As indicated above, in Deuteronomy 10:21 and Psalm 106:21, great things is used to describe the great things God performed in Egypt. In the Exodus story itself, as well as in Deuteronomy, the Hebrew term for sign (‘ot) is used frequently to describe those mighty acts and plagues against the Egyptians. According to Exodus 10:1-2, “The Lord said to Moses, ‘Go to Pharaoh, for I have hardened his heart and the hearts of his officials so that I may perform these miraculous signs of mine among them, that you may tell your children and grandchildren how I dealt harshly with the Egyptians and how I performed my signs among them, and that you may know that I am the Lord.’” In Exodus 7:3 the Hebrew word ‘ot (sign) is used together with another Hebrew word, mopet, portent, “But I will harden Pharaoh’s heart … though I multiply my signs and portents in the land of Egypt.” Deuteronomy 6:22 connects the adjective great withsign: “Before our eyes the Lord sent miraculous signs and portents—great and terrible—upon Egypt and Pharaoh and his whole household.” It is worth noting that the adjectivegreat is connected with signs and portents in numerous other OT texts speaking about the mighty acts of God.

Words for signs and wonders are often used in parallel and then the reference is to extraordinary things or events, as in Exodus 7:3. But sign can also be prophetic as in 1 Samuel 2:34: “And what happens to your two sons, Hophni and Phinehas, will be a sign to you—they will both die on the same day.” In a similar way Samuel predicted some signs to Saul that would take place so that Saul could be sure that God would be with him (1 Sam 10:7, 9).
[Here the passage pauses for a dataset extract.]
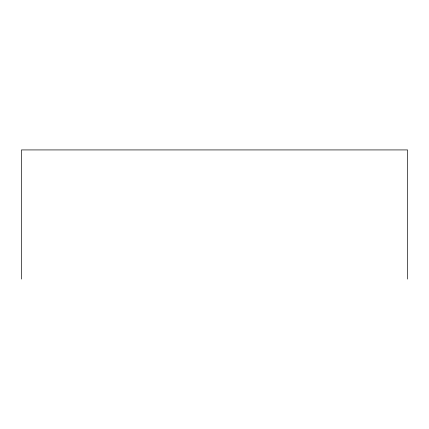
<?xml version="1.0" encoding="UTF-8"?>
<svg xmlns="http://www.w3.org/2000/svg" width="429" height="429" viewBox="0 0 429 429"><rect width="100%" height="100%" fill="white"/><g stroke="black" fill="none" stroke-linecap="round" stroke-linejoin="round"><path stroke-width="0.64" d="M407.55 279.075L407.55 149.925L21.45 149.925L21.45 279.075"/></g></svg>

According to Deuteronomy 13:1-2, the false prophet can do signs and wonders and exhort the people to worship other gods than Yahweh: “If a prophet, or one who foretells by dreams, appears among you and announces to you a miraculous sign or portent, and if the sign or portent of which he has spoken takes place, and he says, ‘Let us follow other gods,’ gods you have not known, ‘and let us worship them.’ ”

While the terms ‘ot and mopet do not exclude the aspect of wonder or miracle, their basic meaning is sign. Sun and moon are signs for festivals, days, and years (Gen 1:14). Circumcision is a sign for the covenant God established with Abraham (Gen 17:11). The birth of the child can also be a sign (Is 7:11, 14). Sometimes it has been emphasized that the sign in Isaiah 7:14 refers to an extraordinary birth like the virgin birth. Even though such a reading cannot be categorically excluded it is clear that such an interpretation in Isaiah 7:14 is not necessary. The woman referred to in this verse is a young woman (‘almah) who is not necessarily a virgin (translated with parthenos in the Septuagint). For example, in Isaiah 37:30 (cf. 2 Kgs 19:29) the prophet Isaiah gives a sign of salvation to Hezekiah that refers to ordinary events: “This will be the sign for you, O Hezekiah: This year you will eat what grows by itself, and the second year what springs from that. But in the third year sow and reap, plant vineyards and eat their fruit.” On the other hand, in Isaiah 37:7-8 (cf. 2 Kgs 20:8-9) sign refers to an extraordinary natural phenomenon: “ ‘This is the Lord’s sign to you that the Lord will do what he has promised: I will make the shadow cast by the sun go back the ten steps it has gone down on the stairway of Ahaz.’ So the sunlight went back the ten steps it had gone down.”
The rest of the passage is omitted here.